Court Opinion

ID: 6048050
Source: CourtListenerOpinion
Date Created: 2022-01-13 14:34:45.682006+00
Date Added: 2024-06-11T08:51:37.168561
License: Public Domain

Goldstein, J.,
dissents and votes to reverse the judgment appealed, on the law, and to order a new trial, with the following memorandum: It is undisputed that the defendant was accosted by armed men who forced him into the apartment of his friend Derrick Weeks. Once inside the apartment, the defendant was tied up with duct tape, and Weeks was kidnapped at gunpoint. According to the defendant, one of the perpetrators had previously worked as a security guard at the apartment complex. A People’s witness acknowledged that security guards for the apartment complex had been implicated in the prior murder of Derrick Weeks’s brother Prince.
After Derrick Weeks was kidnapped from the apartment, the defendant managed to break free, and asked Weeks’s mother to call the police. The defendant ran downstairs in pursuit of the kidnappers and encountered the victim, a security guard whom the defendant claims carried guns on numerous prior occasions. The defendant heard gunshots. He testified at the trial that he thought the victim fired at him, and fired three shots. A People’s witness confirmed that shots were fired from several guns, and another People’s witness heard the defendant shout “They got Derrick”. The defendant continued to chase the kidnappers until he saw a black Volvo speeding from the scene.
Thereafter, the police found duct tape and live ammunition in Weeks’ apartment. Weeks’ body was later found. His kidnappers were found guilty after trial of homicide.
*553The trial court instructed the jury with respect to the justification defense set forth in Penal Law § 35.15 (2) (b), which permits use of deadly physical force against a person whom the defendant believes is committing or attempting to commit a kidnapping. The court further instructed the jury that “the law * * * provides” that if the defendant believed the use of deadly physical force was necessary to defend himself or a third person from a kidnapping, the defendant “may nevertheless not use defensive deadly physical force if he knows he can, with complete safety to himself and to others, avoid the use of deadly physical force by retreating and not getting into the fray”. Such an instruction was clearly erroneous. As the Court of Appeals noted in People v Goetz (68 NY2d 96, 106, n 5), the justification defense pertaining to the use of deadly physical force to avert a felony does not contain a separate retreat requirement. Indeed, imposing such a requirement would totally vitiate the defense. By instructing the jury that the defendant had a duty to retreat and avoid “getting into the fray”, the trial court in effect directed a verdict in favor of the People. The People conceded at oral argument that the instruction was erroneous.

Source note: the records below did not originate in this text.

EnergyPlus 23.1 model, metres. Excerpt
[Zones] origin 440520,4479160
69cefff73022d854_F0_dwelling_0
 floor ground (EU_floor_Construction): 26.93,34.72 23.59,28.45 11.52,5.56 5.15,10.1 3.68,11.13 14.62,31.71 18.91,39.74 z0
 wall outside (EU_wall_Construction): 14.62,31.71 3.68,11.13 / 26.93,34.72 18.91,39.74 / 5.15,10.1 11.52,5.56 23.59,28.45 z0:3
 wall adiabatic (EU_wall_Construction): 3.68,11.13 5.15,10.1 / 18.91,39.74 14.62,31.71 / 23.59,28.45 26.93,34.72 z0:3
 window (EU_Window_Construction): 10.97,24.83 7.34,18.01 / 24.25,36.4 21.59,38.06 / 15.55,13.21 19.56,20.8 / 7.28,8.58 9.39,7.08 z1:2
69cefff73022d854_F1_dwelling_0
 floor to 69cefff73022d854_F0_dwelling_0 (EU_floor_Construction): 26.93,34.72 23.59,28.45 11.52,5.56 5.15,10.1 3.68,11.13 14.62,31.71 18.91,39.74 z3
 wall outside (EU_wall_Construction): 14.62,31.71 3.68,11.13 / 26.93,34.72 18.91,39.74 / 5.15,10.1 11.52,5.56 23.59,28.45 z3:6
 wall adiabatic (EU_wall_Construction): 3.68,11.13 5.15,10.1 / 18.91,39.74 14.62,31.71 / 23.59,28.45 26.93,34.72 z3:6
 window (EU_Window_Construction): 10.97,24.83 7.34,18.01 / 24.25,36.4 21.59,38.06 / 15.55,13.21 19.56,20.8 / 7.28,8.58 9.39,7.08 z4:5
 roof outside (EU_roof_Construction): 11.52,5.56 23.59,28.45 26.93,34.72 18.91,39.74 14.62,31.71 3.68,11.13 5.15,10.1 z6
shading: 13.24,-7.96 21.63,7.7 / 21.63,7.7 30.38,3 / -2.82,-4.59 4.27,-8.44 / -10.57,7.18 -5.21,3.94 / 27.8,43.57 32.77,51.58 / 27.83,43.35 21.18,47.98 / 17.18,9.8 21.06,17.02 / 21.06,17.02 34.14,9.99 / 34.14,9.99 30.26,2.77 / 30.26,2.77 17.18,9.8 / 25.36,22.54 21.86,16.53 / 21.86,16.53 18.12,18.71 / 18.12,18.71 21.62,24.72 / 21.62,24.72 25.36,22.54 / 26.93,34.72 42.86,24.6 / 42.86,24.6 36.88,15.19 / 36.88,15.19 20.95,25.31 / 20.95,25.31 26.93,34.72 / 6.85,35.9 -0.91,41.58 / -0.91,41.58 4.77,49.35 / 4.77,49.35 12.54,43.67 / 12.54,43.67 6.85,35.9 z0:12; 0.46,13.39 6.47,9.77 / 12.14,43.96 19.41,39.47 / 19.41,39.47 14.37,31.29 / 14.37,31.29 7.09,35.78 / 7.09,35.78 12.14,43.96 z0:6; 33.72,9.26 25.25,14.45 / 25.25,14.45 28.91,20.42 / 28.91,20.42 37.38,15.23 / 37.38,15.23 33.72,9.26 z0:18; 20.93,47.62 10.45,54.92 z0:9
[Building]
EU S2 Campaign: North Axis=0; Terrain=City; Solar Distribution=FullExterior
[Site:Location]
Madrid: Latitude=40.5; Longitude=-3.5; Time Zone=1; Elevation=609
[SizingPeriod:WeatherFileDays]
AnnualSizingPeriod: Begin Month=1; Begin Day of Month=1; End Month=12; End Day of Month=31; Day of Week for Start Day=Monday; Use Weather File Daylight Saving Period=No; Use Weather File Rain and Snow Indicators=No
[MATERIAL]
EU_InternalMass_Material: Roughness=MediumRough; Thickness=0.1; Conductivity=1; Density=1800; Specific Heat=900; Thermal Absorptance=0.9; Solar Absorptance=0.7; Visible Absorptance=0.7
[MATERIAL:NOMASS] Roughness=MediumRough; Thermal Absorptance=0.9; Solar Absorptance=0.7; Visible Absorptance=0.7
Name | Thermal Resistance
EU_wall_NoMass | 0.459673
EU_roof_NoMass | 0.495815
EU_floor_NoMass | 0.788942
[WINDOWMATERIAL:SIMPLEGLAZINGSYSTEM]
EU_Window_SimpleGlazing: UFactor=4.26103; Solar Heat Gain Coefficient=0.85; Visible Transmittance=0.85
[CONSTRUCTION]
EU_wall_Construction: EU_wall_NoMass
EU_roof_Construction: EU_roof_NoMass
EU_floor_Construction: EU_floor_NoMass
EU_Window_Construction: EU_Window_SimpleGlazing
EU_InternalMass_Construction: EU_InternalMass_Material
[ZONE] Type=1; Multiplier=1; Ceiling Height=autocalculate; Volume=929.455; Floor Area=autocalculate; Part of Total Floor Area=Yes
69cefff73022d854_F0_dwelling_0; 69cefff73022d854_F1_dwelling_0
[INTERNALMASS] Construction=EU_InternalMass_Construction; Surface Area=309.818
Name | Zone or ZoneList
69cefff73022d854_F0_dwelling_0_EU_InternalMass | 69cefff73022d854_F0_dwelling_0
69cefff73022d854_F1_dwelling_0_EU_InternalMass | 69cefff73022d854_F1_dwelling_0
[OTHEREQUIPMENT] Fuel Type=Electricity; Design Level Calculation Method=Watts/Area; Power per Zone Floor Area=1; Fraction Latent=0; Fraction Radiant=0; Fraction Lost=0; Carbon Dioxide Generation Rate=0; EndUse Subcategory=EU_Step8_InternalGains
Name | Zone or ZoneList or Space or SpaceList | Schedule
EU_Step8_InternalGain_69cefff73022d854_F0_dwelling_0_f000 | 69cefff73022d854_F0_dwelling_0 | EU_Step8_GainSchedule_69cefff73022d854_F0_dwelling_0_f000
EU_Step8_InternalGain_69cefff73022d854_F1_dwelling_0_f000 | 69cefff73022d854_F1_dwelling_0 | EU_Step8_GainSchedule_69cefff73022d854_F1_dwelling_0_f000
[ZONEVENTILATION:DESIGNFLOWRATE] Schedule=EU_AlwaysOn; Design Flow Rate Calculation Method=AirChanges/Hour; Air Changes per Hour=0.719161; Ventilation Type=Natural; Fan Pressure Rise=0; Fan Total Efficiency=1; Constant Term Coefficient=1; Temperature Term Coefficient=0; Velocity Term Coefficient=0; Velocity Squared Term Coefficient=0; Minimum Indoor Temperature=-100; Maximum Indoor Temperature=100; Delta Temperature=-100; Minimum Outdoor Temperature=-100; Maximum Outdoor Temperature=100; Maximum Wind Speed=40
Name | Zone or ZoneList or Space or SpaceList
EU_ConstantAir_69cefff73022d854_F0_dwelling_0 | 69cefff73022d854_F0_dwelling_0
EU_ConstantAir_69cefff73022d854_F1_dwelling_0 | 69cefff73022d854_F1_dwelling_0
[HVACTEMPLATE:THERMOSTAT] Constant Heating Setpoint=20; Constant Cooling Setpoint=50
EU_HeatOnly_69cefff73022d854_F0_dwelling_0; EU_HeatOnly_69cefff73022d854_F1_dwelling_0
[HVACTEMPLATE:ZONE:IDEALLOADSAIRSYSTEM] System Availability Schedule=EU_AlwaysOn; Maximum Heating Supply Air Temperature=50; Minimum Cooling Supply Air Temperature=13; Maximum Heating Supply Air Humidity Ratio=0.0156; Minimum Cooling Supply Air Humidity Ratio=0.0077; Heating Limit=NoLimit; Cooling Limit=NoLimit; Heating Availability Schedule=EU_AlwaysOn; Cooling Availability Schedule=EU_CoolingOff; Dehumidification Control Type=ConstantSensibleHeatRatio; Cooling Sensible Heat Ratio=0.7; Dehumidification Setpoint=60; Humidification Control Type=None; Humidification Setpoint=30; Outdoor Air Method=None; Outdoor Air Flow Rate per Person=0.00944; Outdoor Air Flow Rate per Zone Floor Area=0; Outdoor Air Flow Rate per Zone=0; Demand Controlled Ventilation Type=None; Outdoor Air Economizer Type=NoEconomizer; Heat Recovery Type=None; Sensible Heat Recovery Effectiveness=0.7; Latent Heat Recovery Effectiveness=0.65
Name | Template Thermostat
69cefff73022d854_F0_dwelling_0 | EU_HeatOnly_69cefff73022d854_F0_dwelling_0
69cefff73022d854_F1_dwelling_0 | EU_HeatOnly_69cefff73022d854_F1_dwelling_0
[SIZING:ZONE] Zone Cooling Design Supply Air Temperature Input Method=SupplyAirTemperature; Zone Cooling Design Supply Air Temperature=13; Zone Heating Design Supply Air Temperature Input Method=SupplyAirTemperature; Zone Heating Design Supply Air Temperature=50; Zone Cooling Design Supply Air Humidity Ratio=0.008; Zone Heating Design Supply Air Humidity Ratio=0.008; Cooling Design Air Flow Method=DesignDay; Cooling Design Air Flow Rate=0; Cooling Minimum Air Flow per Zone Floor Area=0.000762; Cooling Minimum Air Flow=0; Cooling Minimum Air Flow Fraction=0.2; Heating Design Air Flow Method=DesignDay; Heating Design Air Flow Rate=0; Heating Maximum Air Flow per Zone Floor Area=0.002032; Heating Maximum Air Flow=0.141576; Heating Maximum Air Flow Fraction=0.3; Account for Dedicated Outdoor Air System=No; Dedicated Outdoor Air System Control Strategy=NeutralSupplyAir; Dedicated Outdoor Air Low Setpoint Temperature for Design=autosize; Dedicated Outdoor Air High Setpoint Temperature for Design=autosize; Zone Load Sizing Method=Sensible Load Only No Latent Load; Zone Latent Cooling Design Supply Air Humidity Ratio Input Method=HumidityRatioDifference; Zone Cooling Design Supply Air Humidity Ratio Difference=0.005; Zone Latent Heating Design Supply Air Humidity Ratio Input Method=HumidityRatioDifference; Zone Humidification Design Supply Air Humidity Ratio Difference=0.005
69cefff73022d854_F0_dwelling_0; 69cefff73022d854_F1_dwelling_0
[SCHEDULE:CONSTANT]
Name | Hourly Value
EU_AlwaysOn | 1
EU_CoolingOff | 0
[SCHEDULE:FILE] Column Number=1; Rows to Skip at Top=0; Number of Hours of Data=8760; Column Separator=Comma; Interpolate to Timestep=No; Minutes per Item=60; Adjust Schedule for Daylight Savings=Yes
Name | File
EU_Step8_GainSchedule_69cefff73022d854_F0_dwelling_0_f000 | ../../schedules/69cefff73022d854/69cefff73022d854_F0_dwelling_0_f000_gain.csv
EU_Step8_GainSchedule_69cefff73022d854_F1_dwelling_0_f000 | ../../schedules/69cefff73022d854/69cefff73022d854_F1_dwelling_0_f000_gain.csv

The court further erred when it refused to instruct the jury with respect to manslaughter in the second degree as a lesser-included offense (see, People v Garcia, 64 AD2d 555). In determining whether the defendant acted with depraved indifference to human life, the defendant’s state of mind is the crucial issue (see, People v Register, 60 NY2d 270). In view of the undisputed facts that the defendant’s friend had just been kidnapped, and the defendant himself tied up with duct tape, and the evidence that shots from several guns were fired, it cannot be said that, as a matter of law, the defendant acted with depraved indifference to human life (see, People v Aviles, 80 NY2d 997; People v Butler, 57 NY2d 664).
The defendant’s remaining contentions are unpreserved for appellate review or without merit.